Friday, April 18, 2014
By Steve Mistler firstname.lastname@example.org
Democratic gubernatorial candidate Mike Michaud announced Monday that his campaign committee has collected $1 million in donations.
U.S. Rep. Mike Michaud, a Democratic candidate for Maine governor, has already raised $1 million in donations.
2013 Press Herald File Photo/Tim Greenway
Michaud is in a three-way race with Republican Gov. Paul LePage and independent Eliot Cutler. His campaign said Monday that it received $700,000 in the latest reporting period, which covered the last six months of 2013. Michaud, who announced his candidacy in June, pulled in $313,000 during 18 days of fundraising in June.
LePage and Cutler have not released their most recent campaign finance reports, which are due Jan. 15. A spokesman for the LePage campaign did not indicate when it will release its report. A spokeswoman for Cutler said the campaign will release its report at the deadline.
LePage’s first 2013 finance report showed $123,000 in donations, bringing his total at the time to nearly $340,000. The governor’s campaign said at the time that it expected an increase in contributions in the second half of 2013, after the Legislature adjourned. Campaign finance laws prohibit the governor’s campaign from receiving donations from corporations that deploy lobbyists during the legislative session.
Cutler reported $430,000 in contributions through June.
In a prepared statement, Michaud said the latest round of donations showed that voters “are hungry for change and a leader with a proven record of bringing people together.”
According to the Michaud campaign, the Democratic congressman’s contributions came from more than 3,700 donors. Nearly 87 percent of the donations were made by individuals, and 82 percent were from Maine. His campaign also said that nearly 45 percent of his donors gave $50 or less.

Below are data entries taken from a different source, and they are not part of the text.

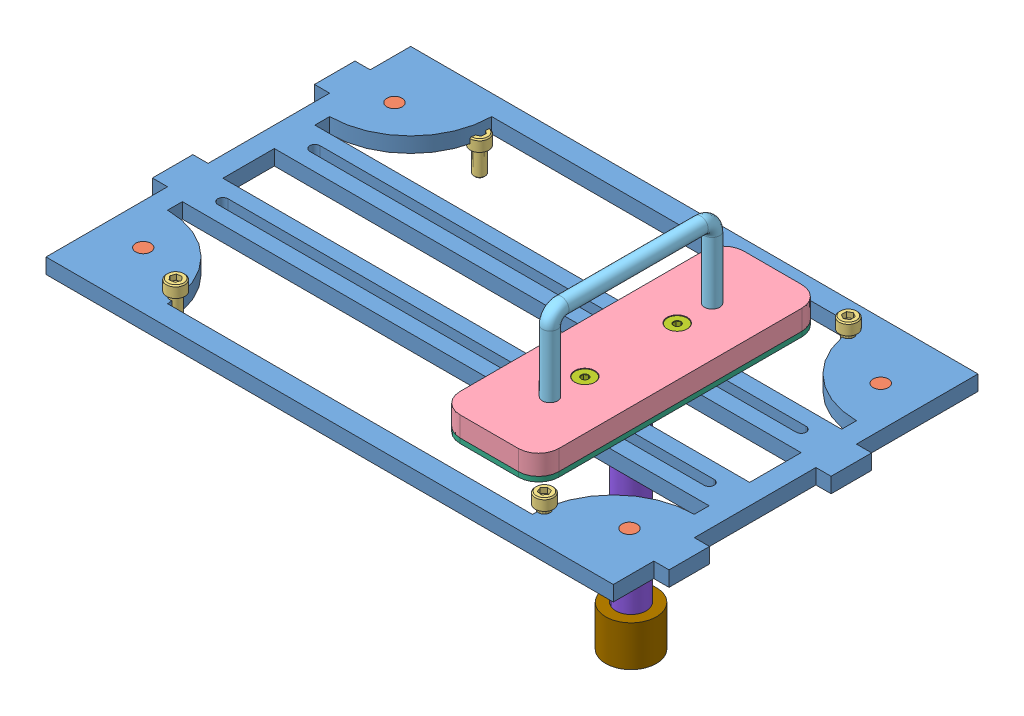
SolidWorks assembly Killswitch4, configuration Default. Lengths in mm.
Overall size (187.33 106.62 114.3).
21 component instances, 10 part files, 30 mates.
Components (placement in the parent):
- Panel-2: Panel [Default] at origin size (187.33 4.76 114.3)
- Magnet-1: Magnet [Default] at (76.2 2.3813 39.37) size (4.76 4.76 4.76)
- Magnet-2: Magnet [Default] at (76.2 2.3813 -39.37) size (4.76 4.76 4.76)
- Magnet-3: Magnet [Default] at (-76.2 2.3813 -39.37) size (4.76 4.76 4.76)
- Magnet-4: Magnet [Default] at (-76.2 2.3813 39.37) size (4.76 4.76 4.76)
- socket head cap screw_ai-2: socket head cap screw_ai [HX-SHCS 0.138-40x0.3125x0.3125-C] at (-57.785 1.819 -47.625) x (0 -1 0) z (0.436855 0 0.899532) size (11.44 5.74 5.74)
- socket head cap screw_ai-3: socket head cap screw_ai [HX-SHCS 0.138-40x0.3125x0.3125-C] at (57.785 9.7917 -47.625) x (0 -1 0) z (-0.495278 0 0.868734) size (11.44 5.74 5.74)
- socket head cap screw_ai-4: socket head cap screw_ai [HX-SHCS 0.138-40x0.3125x0.3125-C] at (57.785 9.7917 47.625) x (0 -1 0) z (-0.933448 0 0.358714) size (11.44 5.74 5.74)
- socket head cap screw_ai-5: socket head cap screw_ai [HX-SHCS 0.138-40x0.3125x0.3125-C] at (-57.785 9.7917 47.625) x (0 -1 0) z (0.168939 0 0.985627) size (11.44 5.74 5.74)
- Slider-2: Slider [Default] at (37.3018 12.573 -0.003) x (-1 0 0) z (0 0 1) size (30.96 6.29 88.9)
- Magnet-7: Magnet [Default] at (37.3018 10.1917 -39.119) size (4.76 4.76 4.76)
- Magnet-8: Magnet [Default] at (37.3018 10.1917 39.113) size (4.76 4.76 4.76)
- 1568A630-1: 1568A630 [1568A63] at (37.3018 37.1158 -0.003) x (0 0 1) z (1 0 0) size (55.56 25.63 4.76)
- SliderAcrylic-1: SliderAcrylic [Default] at (37.3018 6.2865 -0.003) size (30.96 1.52 88.9)
- socket head cap screw_ai-6: socket head cap screw_ai [HX-SHCS 0.112-40x0.4375x0.4375-C] at (37.3018 3.4417 -25.403) x (0 1 0) z (0 0 1) size (13.96 4.65 4.65)
- socket head cap screw_ai-7: socket head cap screw_ai [HX-SHCS 0.112-40x0.4375x0.4375-C] at (37.3018 3.4417 25.397) x (0 1 0) z (-0.253818 0 0.967252) size (13.96 4.65 4.65)
- 97345A428-3: 97345A428 [97345A428] at (37.3018 10.795 14.475) size (6.35 20.18 6.35)
- 97345A428-4: 97345A428 [97345A428] at (37.3018 10.795 -14.481) size (6.35 20.18 6.35)
- MagnetHolderB-1: MagnetHolderB [Default] at (37.3018 -27.4955 -0.003) x (0.135705 0 0.990749) z (-0.990749 0 0.135705) size (9.53 76.2 9.53)
- MagnetCapAcrylic-1: MagnetCapAcrylic [Default] at (37.3018 -67.1195 -0.003) x (0.50888 0 0.860837) z (-0.860837 0 0.50888) size (15.88 12.7 15.88)
- BigMagnet-1: BigMagnet [Default] at (37.3018 -65.5955 -0.003) size (6.35 6.35 6.35)
Mates (geometry in assembly coordinates):
- Coincident1: coincident aligned: circle of Panel-2; circle of Magnet-1
- Coincident2: coincident aligned: circle of Panel-2; circle of Magnet-2
- Coincident3: coincident aligned: circle of Panel-2; circle of Magnet-4
- Coincident4: coincident aligned: circle of Panel-2; circle of Magnet-3
- Concentric81: concentric: cylinder of Panel-2 through (-57.785 6.2865 -47.625) axis (0 1 0) radius 1.3526; cylinder of socket head cap screw_ai-2 through (-57.785 33.569 -47.625) axis (0 1 0) radius 2.8702
- Concentric91: concentric: cylinder of Panel-2 through (57.785 6.2865 -47.625) axis (0 1 0) radius 1.3526; cylinder of socket head cap screw_ai-3 through (57.785 41.5417 -47.625) axis (0 1 0) radius 2.8702
- Concentric101: concentric: cylinder of Panel-2 through (57.785 6.2865 47.625) axis (0 1 0) radius 1.3526; cylinder of socket head cap screw_ai-4 through (57.785 41.5417 47.625) axis (0 1 0) radius 2.8702
- Concentric111: concentric: cylinder of Panel-2 through (-57.785 6.2865 47.625) axis (0 1 0) radius 1.3526; cylinder of socket head cap screw_ai-5 through (-57.785 41.5417 47.625) axis (0 1 0) radius 2.8702
- Tangent1: tangent anti-aligned: plane of Panel-2 through (-76.2 0 -16.005) normal (0 0 1); cylinder of Slider-2 through (37.3018 7.8105 -14.481) axis (0 1 0) radius 1.524
- Parallel1: parallel aligned: plane of Panel-2 through (-164.5488 4.7625 57.15) normal (0 0 1); plane of Slider-2 through (52.7799 7.8105 44.447) normal (0 0 1)
- Coincident36: coincident aligned: circle of Slider-2; circle of Magnet-7
- Coincident37: coincident aligned: circle of Slider-2; circle of Magnet-8
- Concentric13: concentric aligned: circle of Slider-2; circle of 1568A630-1
- Concentric14: concentric anti-aligned: circle of Slider-2; circle of 1568A630-1
- Coincident38: coincident anti-aligned: plane of Slider-2 through (28.1737 14.097 -38.103) normal (0 1 0); plane of 1568A630-1 through (37.3018 14.097 25.397) normal (0 -1 0)
- Coincident39: coincident anti-aligned: plane of Slider-2 through (21.8237 7.8105 -44.453) normal (0 -1 0); plane of SliderAcrylic-1 through (52.7799 7.8105 -44.453) normal (0 1 0)
- Concentric15: concentric anti-aligned: circle of Slider-2; circle of SliderAcrylic-1
- Concentric16: concentric aligned: circle of Slider-2; circle of socket head cap screw_ai-7
- Coincident44: coincident anti-aligned: plane of SliderAcrylic-1 through (52.7799 6.2865 -44.453) normal (0 -1 0); plane of socket head cap screw_ai-7 through (35.0538 6.2865 24.8071) normal (0 1 0)
- Concentric17: concentric aligned: circle of Slider-2; circle of socket head cap screw_ai-6
- Coincident45: coincident anti-aligned: plane of SliderAcrylic-1 through (52.7799 6.2865 -44.453) normal (0 -1 0); plane of socket head cap screw_ai-6 through (34.9777 6.2865 -25.403) normal (0 1 0)
- Concentric22: concentric aligned: circle of Slider-2; circle of 97345A428-3
- Coincident70: coincident anti-aligned: plane of Slider-2 through (37.3018 10.795 14.475) normal (0 1 0); plane of 97345A428-3 through (37.3018 10.795 14.475) normal (0 -1 0)
- Concentric23: concentric aligned: circle of Slider-2; circle of 97345A428-4
- Coincident71: coincident anti-aligned: plane of Slider-2 through (37.3018 10.795 -14.481) normal (0 1 0); plane of 97345A428-4 through (37.3018 10.795 -14.481) normal (0 -1 0)
- Concentric112: concentric anti-aligned: circle of Slider-2; circle of MagnetHolderB-1
- Coincident72: coincident anti-aligned: circle of Slider-2; plane of MagnetHolderB-1 through (37.3018 10.6045 -0.003) normal (0 1 0)
- Concentric113: concentric aligned: circle of MagnetHolderB-1; circle of MagnetCapAcrylic-1
- Coincident76: coincident anti-aligned: plane of MagnetHolderB-1 through (37.3018 -65.5955 -0.003) normal (0 -1 0); circle of MagnetCapAcrylic-1
- Coincident78: coincident anti-aligned: circle of MagnetHolderB-1; circle of BigMagnet-1

Brent Littlefield, the governor’s political adviser, said in an email that “three decade politician Michael Michaud has been schooled in the ways of Washington where raising campaign cash is a higher priority than solving people’s problems.”
Cutler’s spokeswoman Crystal Canney would not say how much the campaign drew in donations over the last six months of 2013, only that it is “very pleased” with its fundraising.
Michaud’s $1 million puts him on track to eclipse the total donations to LePage and Cutler in 2010. However, all of the candidates are fundraising under much higher individual donor limits. In 2010, candidates were allowed to accept as much as $750 per election. For party candidates, that meant $750 for the primary and $750 for the general election for a total of $1,500 per donor.
The limits were doubled in 2011, so party candidates can receive $1,500 for the primary and $1,500 for the general election, for a total of $3,000 per donor. Michaud’s campaign said 82 people have made the maximum $3,000 contribution.
As an independent, Cutler has no primary so he will not be able draw more than $1,500 per donor.
Additionally, spending by outside groups could dwarf spending by the campaign committees. Such groups targeted Maine’s 2010 gubernatorial race, as well as legislative races in 2010 and 2012, shattering spending records in both election cycles.
LePage’s campaign pulled in close to $1.4 million in 2010, while Cutler brought in more than $2.1 million. Both were privately financed candidates. Democrat Libby Mitchell, who finished third in the 2010 race, was a publicly financed candidate, which allowed her campaign to receive a set amount of public funds when her competitors spent more money. Mitchell spent $1.9 million during the 2010 race.